Purpose: The role of obesity in glioblastoma remains unclear, as previous analyses have reported contradicting results. Here, we evaluate the prognostic impact of obesity in two trial populations; CeTeG/NOA-09 (n = 129) for MGMT methylated glioblastoma patients comparing temozolomide (TMZ) to lomustine/TMZ, and GLARIUS (n = 170) for MGMT unmethylated glioblastoma patients comparing TMZ to bevacizumab/irinotecan, both in addition to surgery and radiotherapy.
Methods: The impact of obesity (BMI ≥ 30 kg/m2) on overall survival (OS) and progression-free survival (PFS) was investigated with Kaplan–Meier analysis and log-rank tests. A multivariable Cox regression analysis was performed including known prognostic factors as covariables.
Results: Overall, 22.6% of patients (67 of 297) were obese. Obesity was associated with shorter survival in patients with MGMT methylated glioblastoma (median OS 22.9 (95% CI 17.7–30.8) vs. 43.2 (32.5–54.4) months for obese and non-obese patients respectively, p = 0.001), but not in MGMT unmethylated glioblastoma (median OS 17.1 (15.8–18.9) vs 17.6 (14.7–20.8) months, p = 0.26).

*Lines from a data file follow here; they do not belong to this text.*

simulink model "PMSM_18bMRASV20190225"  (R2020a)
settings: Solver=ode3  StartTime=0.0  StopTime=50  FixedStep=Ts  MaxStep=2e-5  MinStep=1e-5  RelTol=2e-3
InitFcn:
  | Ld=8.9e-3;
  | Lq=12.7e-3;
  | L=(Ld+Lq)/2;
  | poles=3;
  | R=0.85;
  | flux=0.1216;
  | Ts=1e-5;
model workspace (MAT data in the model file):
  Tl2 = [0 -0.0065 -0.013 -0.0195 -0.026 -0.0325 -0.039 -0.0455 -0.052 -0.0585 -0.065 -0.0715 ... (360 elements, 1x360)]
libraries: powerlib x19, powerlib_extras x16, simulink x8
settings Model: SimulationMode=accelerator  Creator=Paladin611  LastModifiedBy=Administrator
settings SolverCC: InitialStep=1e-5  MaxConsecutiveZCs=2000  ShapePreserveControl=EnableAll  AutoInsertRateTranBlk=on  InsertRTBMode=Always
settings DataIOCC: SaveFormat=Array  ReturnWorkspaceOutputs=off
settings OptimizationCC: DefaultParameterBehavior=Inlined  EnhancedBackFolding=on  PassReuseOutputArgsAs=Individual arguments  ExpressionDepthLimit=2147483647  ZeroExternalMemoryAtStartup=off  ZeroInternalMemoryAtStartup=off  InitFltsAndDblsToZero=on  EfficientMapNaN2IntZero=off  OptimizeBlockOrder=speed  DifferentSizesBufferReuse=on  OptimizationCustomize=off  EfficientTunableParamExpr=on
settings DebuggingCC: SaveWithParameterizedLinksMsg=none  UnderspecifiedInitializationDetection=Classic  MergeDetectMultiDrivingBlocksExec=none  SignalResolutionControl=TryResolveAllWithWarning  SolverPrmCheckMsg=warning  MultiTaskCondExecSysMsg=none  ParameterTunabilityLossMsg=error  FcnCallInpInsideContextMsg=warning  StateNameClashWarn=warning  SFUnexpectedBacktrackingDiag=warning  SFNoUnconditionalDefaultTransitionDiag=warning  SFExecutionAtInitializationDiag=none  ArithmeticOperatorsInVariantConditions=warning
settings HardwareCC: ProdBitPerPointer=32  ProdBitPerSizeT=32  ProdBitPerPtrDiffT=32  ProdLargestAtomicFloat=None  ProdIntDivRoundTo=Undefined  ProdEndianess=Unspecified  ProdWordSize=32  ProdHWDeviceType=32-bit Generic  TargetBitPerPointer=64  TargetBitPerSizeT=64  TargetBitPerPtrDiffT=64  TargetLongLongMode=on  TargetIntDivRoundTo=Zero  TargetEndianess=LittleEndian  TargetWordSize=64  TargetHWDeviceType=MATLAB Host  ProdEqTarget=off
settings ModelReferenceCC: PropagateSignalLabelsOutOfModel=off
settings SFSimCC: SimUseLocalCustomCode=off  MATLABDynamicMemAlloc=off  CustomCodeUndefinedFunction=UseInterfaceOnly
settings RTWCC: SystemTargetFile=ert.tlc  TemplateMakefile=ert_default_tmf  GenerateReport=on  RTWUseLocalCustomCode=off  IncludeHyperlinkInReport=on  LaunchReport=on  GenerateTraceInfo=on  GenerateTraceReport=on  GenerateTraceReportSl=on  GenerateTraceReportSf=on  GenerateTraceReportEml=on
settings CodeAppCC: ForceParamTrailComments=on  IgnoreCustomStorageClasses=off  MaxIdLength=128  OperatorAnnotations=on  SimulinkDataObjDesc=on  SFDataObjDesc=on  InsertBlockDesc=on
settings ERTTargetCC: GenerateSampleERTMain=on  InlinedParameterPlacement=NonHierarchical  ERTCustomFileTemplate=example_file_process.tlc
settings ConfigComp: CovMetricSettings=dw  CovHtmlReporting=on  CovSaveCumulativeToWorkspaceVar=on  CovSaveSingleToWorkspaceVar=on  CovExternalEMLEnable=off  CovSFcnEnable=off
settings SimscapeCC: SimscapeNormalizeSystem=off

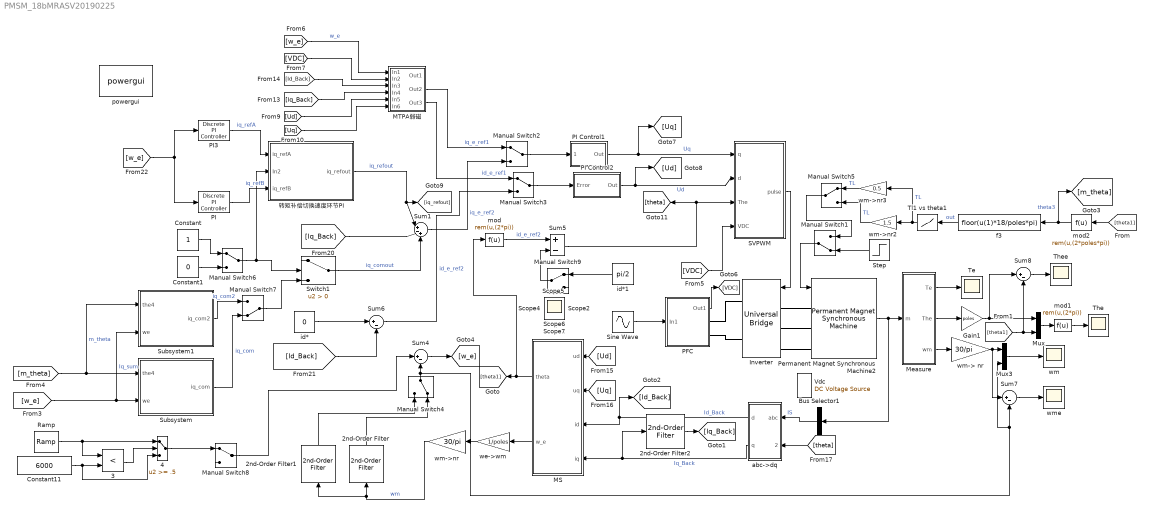
== system PMSM_18bMRASV20190225 ==
  "  3" : RelationalOperator  Operator=<  OutDataTypeStr=boolean  RndMeth=Nearest
  " Tl1 vs theta1" : Lookup  InputValues=0:359  Table=Tl2
  2nd-Order Filter : powerlib_extras/Control  Blocks/2nd-Order Filter  FilterType=Lowpass  Fo=30  Zeta=0.707  Initialize=off  Vac_Init=[1 45 60]  Vdc_Init=-0.5  PlotResponse=off  param1=[1 500 1]
      settings: SourceProductBaseCode=PS
  2nd-Order Filter1 : powerlib_extras/Control  Blocks/2nd-Order Filter  FilterType=Lowpass  Fo=800  Zeta=0.707  Initialize=off  Vac_Init=[1 45 60]  Vdc_Init=-0.5  PlotResponse=off  param1=[1 500 1]
      settings: SourceProductBaseCode=PS
  2nd-Order Filter2 : powerlib_extras/Control  Blocks/2nd-Order Filter  FilterType=Lowpass  Fo=800  Zeta=0.707  Initialize=off  Vac_Init=[1 45 60]  Vdc_Init=-0.5  PlotResponse=off  param1=[1 500 1]
      settings: SourceProductBaseCode=PS
  4 : Switch  Threshold=.5
  Bus Selector1 : BusSelector  OutputSignals=Stator current is_a (A),Stator current is_b (A),Stator current is_c (A)  OutputAsBus=on
  Constant : Constant
  Constant1 : Constant  Value=0
  Constant11 : Constant  Value=6000
  Gain1 : Gain  Gain=poles
  Inverter : powerlib/Power Electronics/Universal Bridge  Arms=3  SnubberResistance=1e5  SnubberCapacitance=inf  Device=IGBT / Diodes  Ron=1e-3  Lon=0  ForwardVoltages="[  0  0  ]"  ForwardVoltage=0  GTOparameters=[ 10e-6 , 20e-6 ]  IGBTparameters=[ 1e-6 , 2e-6 ]  Measurements=None  Measurements_2=None  converterType=Rectifier
  MS : Subsystem
  MTPA弱磁 : Subsystem
  Manual Switch1 : ManualSwitch  CurrentSetting=0
  Manual Switch{2..3,5..6,8..9} (6 alike) : ManualSwitch
  Manual Switch4 : ManualSwitch  CurrentSetting=0
  Manual Switch7 : ManualSwitch  CurrentSetting=0
  Measure : Subsystem
  Mux : Mux  Inputs=2
  Mux3 : Mux  Inputs=2
  PFC : Subsystem
  PI : powerlib_extras/Discrete  Control Blocks/Discrete PI Controller  Kp=0.002  Ki=0.0002  Par_Limits=[200 -200]  Init=0  Ts=Ts
  PI Control1 : Subsystem  mask(PI Control){Kp=Lq*2000, Ki=R*2000, Kc=3, UpperLimit=400, LowerLimit=-400}
      mask prompts: Kp "PI_Kp:"; Ki "PI_Ki:"; Kc "PI_Kc:"; UpperLimit "MAX:"; LowerLimit "MIN:"
      mask help:
      | PI Control
      |
      | CopyRight:maxthonzwq 2012/03/22
  PI Control2 : Subsystem  mask(PI Control){Kp=Ld*2000, Ki=R*2000, Kc=3, UpperLimit=400, LowerLimit=-400}
      mask prompts: Kp "PI_Kp:"; Ki "PI_Ki:"; Kc "PI_Kc:"; UpperLimit "MAX:"; LowerLimit "MIN:"
      mask help:
      | PI Control
      |
      | CopyRight:maxthonzwq 2012/03/22
  PI3 : powerlib_extras/Discrete  Control Blocks/Discrete PI Controller  Kp=0.03  Ki=0.002  Par_Limits=[200 -200]  Init=0  Ts=Ts
  Permanent Magnet Synchronous Machine2 : powerlib/Machines/Permanent Magnet Synchronous Machine  NbPhases=3  FluxDistribution=Sinusoidal  RotorType=Salient-pole  MechanicalLoad=Torque Tm  PresetModel=No  ShowDetailedParameters=on  MeasurementBus=off  Resistance=R  Inductance=8.5e-3  dqInductances=[Ld Lq]  La=0.00085  MachineConstant=Flux linkage established by magnets (V.s)  Flux=0.175  VoltageCst=126.966  TorqueCst=1.05  Flat=120  Mechanical=[3.4e-4,0,poles,0]  PolePairs=4  InitialConditions=[0,0, 0,0]  InitialConditions5ph=[0 0 0 0 0 0]  RefAngle=Aligned with phase A axis (original Park)  IterativeDiscreteModel=Trapezoidal non iterative  TsBlock=-1  TsPowergui=0
  Ramp : simulink/Sources/Ramp  slope=1000  start=0  InitialOutput=1
  SVPWM : Subsystem
  Sine Wave : Sin  Frequency=50*2*pi  SampleTime=0
  Step : Step  Time=0  Before=0.3  SampleTime=0
  Subsystem : Subsystem
  Subsystem1 : Subsystem
  Sum1 : Sum  Inputs=|+-+
  Sum{4,6..8} (4 alike) : Sum  Inputs=|+-
  Sum5 : Sum  Inputs=+-
  Switch1 : Switch  Criteria=u2 > Threshold
  Te : Scope
  The : Scope
  Thee : Scope
  Vdc : powerlib/Electrical Sources/DC Voltage Source  Amplitude=311  Measurements=None
  abc->dq : Subsystem
  f3 : Fcn  Expr=floor(u(1)*18/poles*pi)  SampleTime=0.0001
  id* : Constant  Value=0
  id*1 : Constant  Value=pi/2
  mod : Fcn  Expr=rem(u,(2*pi))
  mod1 : Fcn  Expr=rem(u,(2*pi))
  mod2 : Fcn  Expr=rem(u,(2*poles*pi))
  powergui : powerlib/powergui  Priority=1  SimulationMode=Discrete  SampleTime=Ts  frequency=60  Iterations=50  frequencyindice=0  Pbase=100e6  ErrMax=1e-4  UnitsV=kV  UnitsW=MW  buscounter=0  FunctionMessages=off  echomessages=off  EnableUseOfTLC=off  CurrentSourceSwitches=on  DisableSnubberDevices=off  DisableRonSwitches=off  DisableVfSwitches=off  DisplayEquations=off  AutomaticDiscreteSolvers=off  SolverType=Tustin  Interpol=off  ExternalGateDelay=off  methode=off  Ts=0  x0status=blocks  SPID=off  SwTol=0  HookPort=off  NonlinearTolerance=1e-4  nMaxIteration=100  ContinueOnMaxIteration=off  RestoreLinks=warning  ResistiveCurrentMeasurement=off  Frange=[0:2:500]  Ylog=off  Xlog=on  ShowGrid=off  save=off  variable=ZData  structure=0  ZoomFFT=off  StartTime=0.0  cycles=1  DisplayStyle=1  fundamental=60  FreqAxis=off  MaxFrequency=1000  frequencyindicesteady=1  RmsSteady=1  display=off
  we->wm : Gain  Gain=1/poles
  wm : Scope
  wm-> nr : Gain  Gain=30/pi
  wm->nr : Gain  Gain=30/pi
  wm->nr2 : Gain  Gain=1.5
  wm->nr3 : Gain  Gain=0.5
  wme : Scope
  转矩补偿切换速度环节PI : Subsystem
  Scope{,1..2,4..7} (7 alike) : Scope
  wires:
  Permanent Magnet Synchronous Machine2/1 -> Measure/1(m), Bus Selector1/1
  id*/1 -> Sum6/1
  SVPWM/1(pulse) -> Inverter/1
  abc->dq/2(q) -> 2nd-Order Filter2/1, MS/4(iq)  "Iq_Back"
  MS/2(w_e) -> we->wm/1
  we->wm/1 -> wm->nr/1
  PI Control1/1(Out) -> SVPWM/1(q), [Uq]  "Uq"
  PI Control2/1(Out) -> [Ud], SVPWM/2(d)  "Ud"
  Measure/1(Te) -> Te/1
  Measure/2(The) -> Gain1/1
  Bus Selector1/1 -> abc->dq/1(abc)  "IS"
  Measure/3(wm) -> wm-> nr/1
  f3/1 -> " Tl1 vs theta1"/1  "out"
  [theta1] -> mod2/1
  Switch1/1 -> Sum1/3  "iq_comout"
  mod2/1 -> [m_theta], f3/1  "theta3"
  Step/1 -> Manual Switch1/2
  " Tl1 vs theta1"/1 -> wm->nr2/1, wm->nr3/1  "TL"
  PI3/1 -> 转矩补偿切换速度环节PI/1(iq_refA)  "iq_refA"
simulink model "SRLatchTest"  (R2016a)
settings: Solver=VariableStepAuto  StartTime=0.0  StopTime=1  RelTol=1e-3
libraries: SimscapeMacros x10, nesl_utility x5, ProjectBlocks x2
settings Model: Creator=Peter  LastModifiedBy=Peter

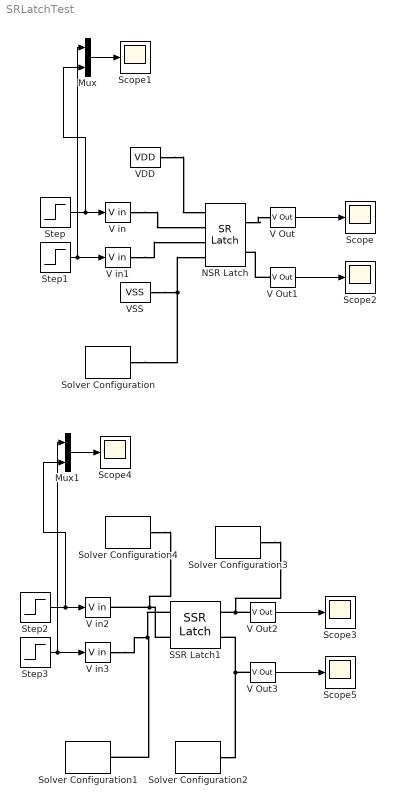
== system SRLatchTest ==
  Mux : Mux  Inputs=2
  Mux1 : Mux  Inputs=2
  NSR Latch : ProjectBlocks/SR Latch
  SSR Latch1 : ProjectBlocks/Axis Integrator Old/SSR Latch
  Scope{,1..5} (6 alike) : Scope
  Solver Configuration{,1..4} (5 alike) : nesl_utility/Solver Configuration  PhysicalDomain=network_engine_domain  SubClassName=solver  LeftPortType=input  RightPortType=generic  Accelerate=off  Tones=[]  Harmonics=[]  SimulateNoise=off  Profile=off  UseLocalSampling=off  EnableSwitchedLinearOptims=on  FrequencyDomain=off  UseCCode=off  RelTol=0.001  AbsTol=1e-06  MinStep=1e-09  ToWorkspace=off  RevertToSquareIcSolve=off  NumHomotopyIterations=100  PhasorMode=off  PhasorModeNumHarmonics=1  OverrideAbsTol=off  DoDC=off  ResidualTolerance=1e-09  UseLocalSolver=off  LocalSolverChoice=NE_BACKWARD_EULER_ADVANCER  LocalSolverSampleTime=0.001  DoFixedCost=off  MaxNonlinIter=3  MaxModeIter=2  LinearAlgebra=Sparse  DelaysMemoryBudget=1024  AutomaticFiltering=on  FilteringTimeConstant=0.001
  Step : Step  Time=.3  Before=-10  After=10  SampleTime=0
  Step1 : Step  Time=.7  Before=10  After=-10  SampleTime=0
  Step2 : Step  Time=.3  Before=-10  After=10  SampleTime=0
  Step3 : Step  Time=.7  Before=10  After=-10  SampleTime=0
  V Out{,1..3} (4 alike) : SimscapeMacros/V Out
  V in{,1..3} (4 alike) : SimscapeMacros/V in
  VDD : SimscapeMacros/VDD
  VSS : SimscapeMacros/VSS
  wires:
  V Out/1 -> Scope/1
  Step/1 -> Mux/2, V in/1
  Step1/1 -> Mux/1, V in1/1
  Mux/1 -> Scope1/1
  V Out1/1 -> Scope2/1
  V Out2/1 -> Scope3/1
  Step2/1 -> Mux1/2, V in2/1
  Step3/1 -> Mux1/1, V in3/1
  Mux1/1 -> Scope4/1
  V Out3/1 -> Scope5/1
  connections:
  VDD/RConn1 -- NSR Latch/LConn1
  VSS/RConn1 -- NSR Latch/LConn4 -- Solver Configuration/RConn1
  NSR Latch/RConn1 -- V Out/LConn1
  V Out1/LConn1 -- NSR Latch/RConn2
  V in/RConn1 -- NSR Latch/LConn2
  V in1/RConn1 -- NSR Latch/LConn3
  V Out2/LConn1 -- Solver Configuration3/RConn1 -- SSR Latch1/RConn1
  V Out3/LConn1 -- Solver Configuration2/RConn1 -- SSR Latch1/RConn2
  V in3/RConn1 -- SSR Latch1/LConn1 -- Solver Configuration1/RConn1
  SSR Latch1/LConn2 -- Solver Configuration4/RConn1 -- V in2/RConn1

The prognostic impact of obesity in MGMT methylated glioblastoma was confirmed in a multivariable Cox regression (adjusted odds ratio: 2.57 (95% CI 1.53–4.31), p < 0.001) adjusted for age, sex, extent of resection, baseline steroids, Karnofsky performance score, and treatment arm.
Conclusion: Obesity was associated with shorter survival in MGMT methylated, but not in MGMT unmethylated glioblastoma patients.